The most important file in a dbt project is dbt_project.yml. This file defines the project name, folder paths, default configurations, and model settings.

Think of a dbt project as the central workspace for your analytics engineering code.

📄 Model

A model is one of the most important concepts in dbt.

In simple terms, a dbt model is a SQL file that transforms data. Each model usually represents a table, view, or intermediate transformation in your data warehouse.

For example, a model might:

  • Clean raw student data
  • Join course data with tutor data
  • Create a final reporting table
  • Build a Gold layer table in a Medallion Architecture

Models are typically stored inside the models/ folder. When you run dbt, dbt executes these SQL files and creates the corresponding objects in your data warehouse.

🌱 Seed

A seed is a CSV file that dbt can load into your data warehouse.

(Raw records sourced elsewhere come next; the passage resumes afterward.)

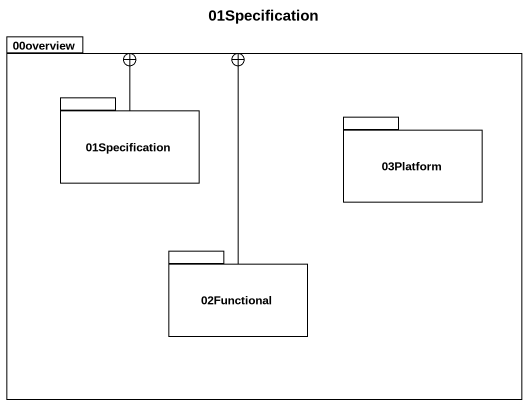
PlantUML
@startuml
title 01Specification
package "00overview" as p00overview {
  package "01Specification" as p01Specification {
  }
  package "03Platform" as p03Platform {
  }
  package "02Functional" as p02Functional {
  }
}
p01Specification -right-+ p00overview
p02Functional -up-+ p00overview
@enduml

Seeds are useful for small, static datasets that do not change often. For example:

  • Country codes
  • Mapping tables
  • Status values
  • Small reference lists
  • Business rule lookup tables

Seeds are usually stored in the seeds/ folder. After running the seed command, dbt creates a table from the CSV file in your warehouse.

Seeds are not meant for large production datasets. They are best used for small reference data that supports your transformations.

📸 Snapshot

A snapshot is used to track how data changes over time.

In many databases, tables only show the current state of the data. But sometimes you need to know what changed and when it changed. This is where snapshots are useful.

For example, a snapshot can help you track:

  • A student changing their major
  • A customer changing their address
  • A product changing its price
  • A status changing from active to inactive

Snapshots are especially useful when the original source system does not keep historical records.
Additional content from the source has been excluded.